Techniques For Low Power Motion Estimation In Video Encoders by Gupte, Ajit D
 11
 Abstract 
 
 
This thesis looks at hardware algorithms that help reduce dynamic power dissipation in 
video encoder applications. Computational complexity of motion estimation and the data 
traffic between external memory and the video processing engine are two main reasons for 
large power dissipation in video encoders. While motion estimation may consume 50% to 
70% of total video encoder power, the power dissipated in external memory such as the DDR 
SDRAM can be of the order of 40% of the total system power. Reducing power dissipation 
in video encoders is important in order to improve battery life of mobile devices such as the 
smart phones and digital camcorders. We propose hardware algorithms which extract only 
the important features in the video data to reduce the complexity of computations, 
communications and storage, thereby reducing average power dissipation. We apply this 
concept to design hardware algorithms for optimizing motion estimation matching 
complexity, and reference frame storage and access from the external memory. In addition, 
we also develop techniques to reduce searching complexity of motion estimation. 
First, we explore a set of adaptive algorithms that reduce average power dissipated due 
to motion estimation. We propose that by taking into account the macro-block level features 
in the video data, the average matching complexity of motion estimation in terms of number 
of computations in real-time hardwired video encoders can be significantly reduced when 
compared against traditional hardwired implementations, that are designed to handle most 
demanding data sets. Current macro-block features such as pixel variance and Hadamard 
transform coefficients are analyzed, and are used to adapt the matching complexity. The 
macro-block is partitioned based on these features to obtain sub-block sums, which are used 
for matching operations. Thus, simple macro-blocks, without many features can be matched 
with much less computations compared to the macro-blocks with complex features, leading 
to reduction in average power dissipation. Apart from optimizing the matching operation, 
optimizing the search operation is a powerful way to reduce motion estimation complexity. 
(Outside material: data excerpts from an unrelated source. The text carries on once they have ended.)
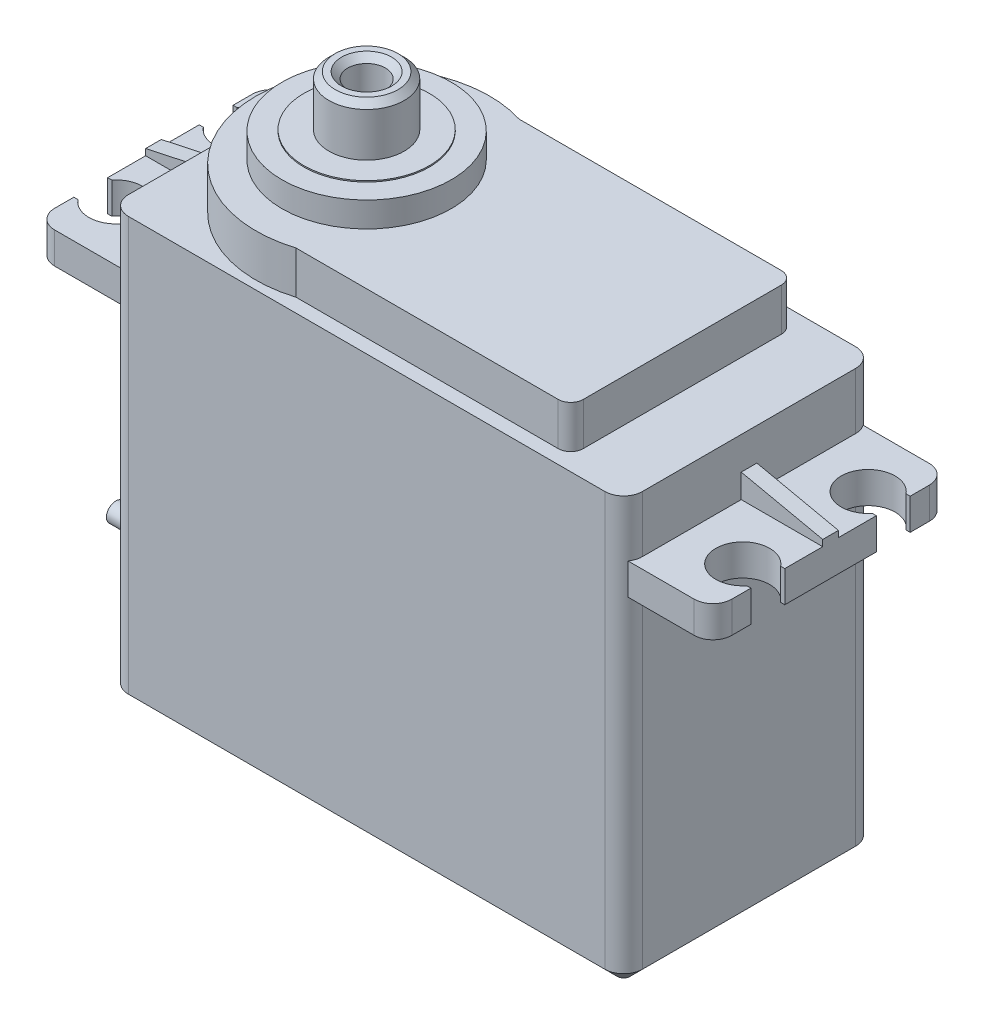
from build123d import *

# Parameters (mm, degrees)
SKETCH1_W          = 41
SKETCH1_H          = 34
EXTRUDE1_DEPTH     = 10
EXTRUDE2_DEPTH     = 3.4
SKETCH4_R          = 3
SKETCH4_R_2        = 1.5
EXTRUDE3_DEPTH     = 4
FILLET1_R          = 1.5
EXTRUDE4_DEPTH     = 2.5
EXTRUDE5_DEPTH     = 0.625
SKETCH8_R          = 0.75
EXTRUDE6_DEPTH     = 8
SKETCH9_R          = 0.75
EXTRUDE7_DEPTH     = 8
SKETCH10_R         = 0.75
EXTRUDE8_DEPTH     = 8
CHAMFER1_SIZE      = 1
CHAMFER2_SIZE      = 0.5
SKETCH11_R         = 1.5
CUT_EXTRUDE1_DEPTH = 5


with BuildPart() as part:
    # Sketch1 → Extrude1 (new, symmetric)
    with BuildSketch(Plane.XY):
        Rectangle(SKETCH1_W, SKETCH1_H)
    extrude(amount=EXTRUDE1_DEPTH, both=True)

    # Sketch2 → Extrude2 (add)
    with BuildSketch(Plane(origin=(0, 17, 0), x_dir=(1, 0, 0), z_dir=(0, 1, 0))):
        with BuildLine():
            Line((-6.733702836, -8.9), (14.18, -8.9))
            ThreePointArc((14.18, -8.9), (14.887106781, -8.607106781), (15.18, -7.9))
            Line((15.18, -7.9), (15.18, 7.9))
            ThreePointArc((15.18, 7.9), (14.887106781, 8.607106781), (14.18, 8.9))
            Line((14.18, 8.9), (-6.733702836, 8.9))
            ThreePointArc((-6.733702836, 8.9), (-18.82, 0), (-6.733702836, -8.9))
        make_face()
    extrude(amount=EXTRUDE2_DEPTH)

    # Sketch3 → Revolve1 (revolve)
    with BuildSketch(Plane.XY, mode=Mode.PRIVATE) as revolve1_sk:
        Polygon((-10, 20.4), (-16.75, 20.4), (-16.75, 22.4), (-15, 22.4), (-15, 22.5), (-10, 22.5), align=None)
    revolve(revolve1_sk.sketch.rotate(Axis((-10, 22.5, 0), (0, -1, 0)), 270), axis=Axis((-10, 22.5, 0), (0, -1, 0)))

    # Fillet1
    fillet1_edges = [part.edges().sort_by_distance(p)[0] for p in [
        (20.5, 0, 10),
        (-20.5, 0, 10),
        (20.5, 0, -10),
        (-20.5, 0, -10),
    ]]
    fillet(fillet1_edges, radius=FILLET1_R)

    # Sketch6 → Extrude4 (add)
    with BuildSketch(Plane(origin=(0, 12.5, 0), x_dir=(-1, 0, 0), z_dir=(0, 1, 0))):
        with BuildLine():
            Line((27, 0), (27, 3.65))
            Line((27, 3.65), (26.673320053, 3.65))
            ThreePointArc((26.673320053, 3.65), (22.85, 5), (26.673320053, 6.35))
            Line((26.673320053, 6.35), (27, 6.35))
            Line((27, 6.35), (27, 7.875))
            ThreePointArc((27, 7.875), (26.560660172, 8.935660172), (25.5, 9.375))
            Line((25.5, 9.375), (20.218349293, 9.375))
            ThreePointArc((20.218349293, 9.375), (20.427852223, 8.959606386), (20.5, 8.5))
            Line((20.5, 8.5), (20.5, 0))
            Line((20.5, 0), (20.5, -8.5))
            ThreePointArc((20.5, -8.5), (20.427852223, -8.959606386), (20.218349293, -9.375))
            Line((20.218349293, -9.375), (25.5, -9.375))
            ThreePointArc((25.5, -9.375), (26.560660172, -8.935660172), (27, -7.875))
            Line((27, -7.875), (27, -6.35))
            Line((27, -6.35), (26.673320053, -6.35))
            ThreePointArc((26.673320053, -6.35), (22.85, -5), (26.673320053, -3.65))
            Line((26.673320053, -3.65), (27, -3.65))
            Line((27, -3.65), (27, 0))
        make_face()
    extrude4 = extrude(amount=-EXTRUDE4_DEPTH)

    # Sketch7 → Extrude5 (add, symmetric)
    with BuildSketch(Plane.XY):
        Polygon((-20.5, 14.4), (-27, 13), (-27, 12.5), (-20.5, 12.5), align=None)
    extrude5 = extrude(amount=EXTRUDE5_DEPTH, both=True)

    # Mirror1: Extrude4, Extrude5 across plane
    add(extrude4.mirror(Plane(origin=(0, 0, 0), x_dir=(0, 0, 1), z_dir=(1, 0, 0))))
    add(extrude5.mirror(Plane(origin=(0, 0, 0), x_dir=(0, 0, 1), z_dir=(1, 0, 0))))

    # Chamfer1
    chamfer1_edges = [part.edges().sort_by_distance(p)[0] for p in [
        (20.5, -17, 0),
        (0, -17, -10),
        (0, -17, 10),
        (-20.5, -17, 0),
        (-20.060660172, -17, 9.560660172),
        (-20.060660172, -17, -9.560660172),
        (20.060660172, -17, 9.560660172),
        (20.060660172, -17, -9.560660172),
    ]]
    chamfer(chamfer1_edges, length=CHAMFER1_SIZE)

    # Sketch11 → Cut-Extrude1 (cut)
    with BuildSketch(Plane.ZY.offset(20.5)):
        Circle(SKETCH11_R)
    extrude(amount=-CUT_EXTRUDE1_DEPTH, mode=Mode.SUBTRACT)


with BuildPart() as body_2:
    # Sketch4 → Extrude3 (new body)
    with BuildSketch(Plane(origin=(0, 22.5, 0), x_dir=(1, 0, 0), z_dir=(0, 1, 0))):
        with Locations(Location((-10, 0, 0), (0, 0, 270))):
            Circle(SKETCH4_R)
        with Locations(Location((-10, 0, 0), (0, 0, 270))):
            Circle(SKETCH4_R_2, mode=Mode.SUBTRACT)
    extrude(amount=EXTRUDE3_DEPTH)

    # Chamfer2
    chamfer2_edges = [body_2.edges().sort_by_distance(p)[0] for p in [
        (-10, 26.5, -3),
        (-10, 26.5, -1.5),
    ]]
    chamfer(chamfer2_edges, length=CHAMFER2_SIZE)


with BuildPart() as body_3:
    # Sketch8 → Extrude6 (new body)
    with BuildSketch(Plane.ZY.offset(20.5)):
        with Locations((0, -12.4)):
            Circle(SKETCH8_R)
    extrude(amount=EXTRUDE6_DEPTH)


with BuildPart() as body_4:
    # Sketch9 → Extrude7 (new body)
    with BuildSketch(Plane.ZY.offset(20.5)):
        with Locations((1.5, -12.4)):
            Circle(SKETCH9_R)
    extrude(amount=EXTRUDE7_DEPTH)


with BuildPart() as body_5:
    # Sketch10 → Extrude8 (new body)
    with BuildSketch(Plane.ZY.offset(20.5)):
        with Locations((-1.5, -12.4)):
            Circle(SKETCH10_R)
    extrude(amount=EXTRUDE8_DEPTH)


solid = Compound([part.part, body_2.part, body_3.part, body_4.part, body_5.part])

We propose novel search optimization techniques including (1) a center-biased search order 
and (2) skipping unlikely search positions, both applied in the context of real time hardware 
 12
implementation. The proposed search optimization techniques take into account and are 
compatible with the reference data access pattern from the memory as required by the 
hardware algorithm. We demonstrate that the matching and searching optimization 
techniques together achieve nearly 65% reduction in power dissipation due to motion 
estimation, without any significant degradation in motion estimation quality. 
A key to low power dissipation in video encoders is minimizing the data traffic between 
the external memory devices such as DDR SDRAM and the video processor.  External 
memory power can be as high as 50% of the total power budget in a multimedia system. 
Other than the power dissipation in external memory, the amount of data traffic is an 
important parameter that has significant impact on the system cost. Large memory traffic 
necessitates high speed external memories, high speed on-chip interconnect, and more 
parallel I/Os to increase the memory throughput. This leads to higher system cost. We 
explore a lossy, scalar quantization based reference frame compression technique that can be 
used to reduce the amount of reference data traffic from external memory devices 
significantly. In this scheme, the quantization is adapted based on the pixel range within each 
block being compressed. We show that the error introduced by the scalar quantization is 
bounded and can be represented by smaller number of bits compared to the original pixel. 
The proposed reference frame compression scheme uses this property to minimize the motion 
compensation related traffic, thereby improving the compression scheme efficiency. The 
scheme maintains a fixed compression ratio, and the size of the quantization error is also kept 
constant. This enables easy storage and retrieval of reference data. The impact of using lossy 
reference on the motion estimation quality is negligible. As a result of reduction in DDR 
traffic, the DDR power is reduced significantly. The power dissipation due to additional 
hardware required for reference frame compression is very small compared to the reduction 
in DDR power. 24% reduction in peak DDR bandwidth and 23% net reduction in average 
DDR power is achieved. For video sequences with larger motion, the amount of bandwidth 
reduction is even higher (close to 40%) and reduction in power is close to 30%.